Não, Obrigado. Nós Já Temos as Nossas Próprias Normas.
Richard Posner

(Tradução realizada com objetivos estritamente didáticos. Alguns trechos foram suprimidos, como indicam
os colchetes: “[...]”.)

A pergunta deste debate é a seguinte: “Decisões legais estrangeiras ou internacionais devem ser
consideradas relevantes para os julgamentos da Suprema Corte dos Estados Unidos?” Em outras palavras:
“Em que circunstâncias deve a Suprema Corte dos Estados Unidos fazer referência a uma decisão tomada
por um tribunal internacional ou estrangeiro?” A segunda formulação da pergunta permite que se perceba
a diferença entre as referências que cumprem função informativa e as referências a um precedente. Qualquer
coisa pode ser mencionada como uma fonte de informação relevante para a tomada de uma decisão judicial.

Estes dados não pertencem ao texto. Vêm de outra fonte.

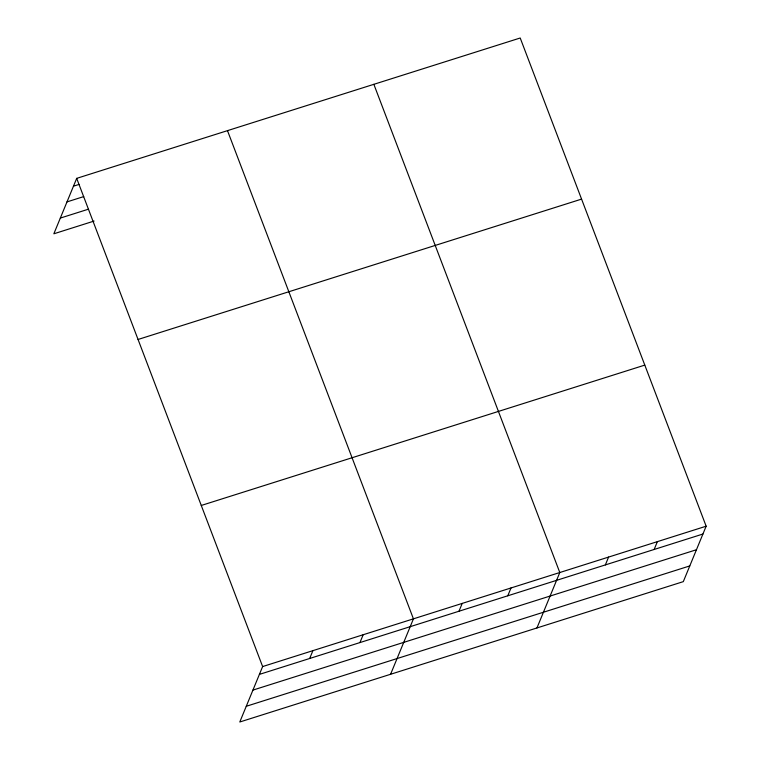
<?xml version="1.0" encoding="UTF-8"?>
<svg xmlns="http://www.w3.org/2000/svg" width="760" height="760" viewBox="0 0 760 760"><rect width="100%" height="100%" fill="white"/><g stroke="black" fill="none" stroke-linecap="round" stroke-linejoin="round"><path stroke-width="1.14" d="M76.694 178.362L262.627 666.567L239.789 722L683.306 581.637L706.154 526.205L520.211 38L76.694 178.362L53.846 233.795L94.059 221.065M309.672 658.483L312.901 650.664M359.936 642.58L363.166 634.752M390.583 674.272L413.43 618.849L227.487 130.644M458.992 611.23L462.213 603.411M507.784 595.792L511.005 587.964M536.95 627.959L559.797 572.527L373.853 84.322M605.359 564.908L608.579 557.089M654.142 549.471L657.371 541.652M73.463 186.181L79.049 184.414M66.994 201.894L83.743 196.593M60.316 218.082L88.245 209.247M138.054 339.473L581.571 199.111M201.267 505.466L644.793 365.104M262.627 666.567L706.154 526.205M259.407 674.395L702.933 534.033M252.928 690.099L696.454 549.736M246.259 706.287L689.785 565.924"/></g></svg>
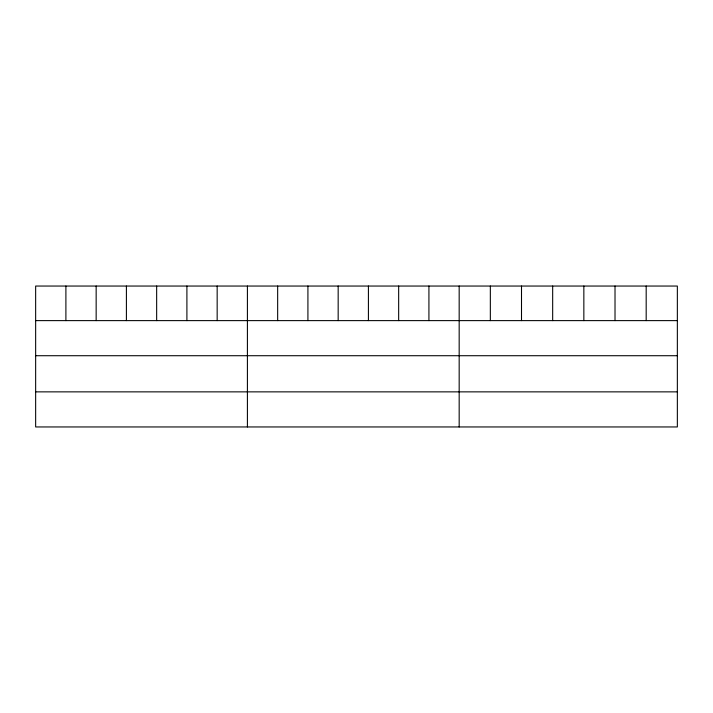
<?xml version="1.0" encoding="UTF-8"?>
<svg xmlns="http://www.w3.org/2000/svg" width="713" height="713" viewBox="0 0 713 713"><rect width="100%" height="100%" fill="white"/><g stroke="black" fill="none" stroke-linecap="round" stroke-linejoin="round"><path stroke-width="1.07" d="M677.35 320.618L677.35 426.953L35.65 426.953L35.65 286.047L677.35 286.047L677.35 320.618L35.65 320.618M35.65 355.716L677.35 355.716M35.65 391.865L677.35 391.865M646.183 286.047L646.183 320.618M615.016 286.047L615.016 320.618M583.849 286.047L583.849 320.618M552.673 286.047L552.673 320.618M521.506 286.047L521.506 320.618M490.339 286.047L490.339 320.618M459.172 286.047L459.172 426.953M428.923 286.047L428.923 320.618M398.665 286.047L398.665 320.618M368.416 286.047L368.416 320.618M338.167 286.047L338.167 320.618M307.918 286.047L307.918 320.618M277.66 286.047L277.66 320.618M247.411 286.047L247.411 426.953M217.162 286.047L217.162 320.618M186.904 286.047L186.904 320.618M156.655 286.047L156.655 320.618M126.406 286.047L126.406 320.618M96.157 286.047L96.157 320.618M65.899 286.047L65.899 320.618"/></g></svg>

Imagine que um juiz, por acaso, leia uma decisão do Tribunal Constitucional Alemão sobre o direito ao
aborto e encontre nela um argumento contra o aborto (ou talvez fatos sobre os motivos do aborto ou sobre
o procedimento médico) que ele nunca viu antes e que lhe parece convincente. Imagine que ele queira dar
crédito ao autor do argumento ou simplesmente identificar a sua fonte, pois juízes, como a maioria dos
juristas, adoram fazer citações (um instinto que serve para esconder o que há de subjetivo e instável em boa
parte do raciocínio jurídico.) Também é possível que a decisão tenha relevância jurídica material em
virtude, por exemplo, de uma cláusula contratual que eleja a aplicabilidade de direito estrangeiro no caso
litigado nos EUA [...]. [Esse seria um caso] em que o direito estrangeiro estaria incorporado ao direito
americano.
[...]
Problemas surgem apenas quando se acredita que a decisão estrangeira deve ter poder de
convencimento (mesmo que reduzido) em um tribunal americano pela simples razão de ser uma decisão de
um tribunal estrangeiro reconhecido. Isso ocorre, em suma, quando a decisão é tratada como uma
autoridade, determinante ou não, em um processo americano, embora o assunto seja estritamente local,
como a legalidade do aborto, a execução de pessoas com retardo mental ou o casamento gay.
São quatro os problemas gerados por esse tipo de referência a decisões estrangeiras, além da óbvia
questão de que, a menos que se trate da interpretação de um tratado, a corte estrangeira não terá interpretado
os mesmos textos legais ou precedentes que informariam e estruturariam a análise do tribunal americano.
Antes de mais nada, devo garantir que fiquem claras algumas distinções essenciais: a distinção entre usar
uma decisão como autoridade e fazer referência a ela sem tomá-la como autoridade; e a distinção entre
autoridade determinante e autoridade não determinante.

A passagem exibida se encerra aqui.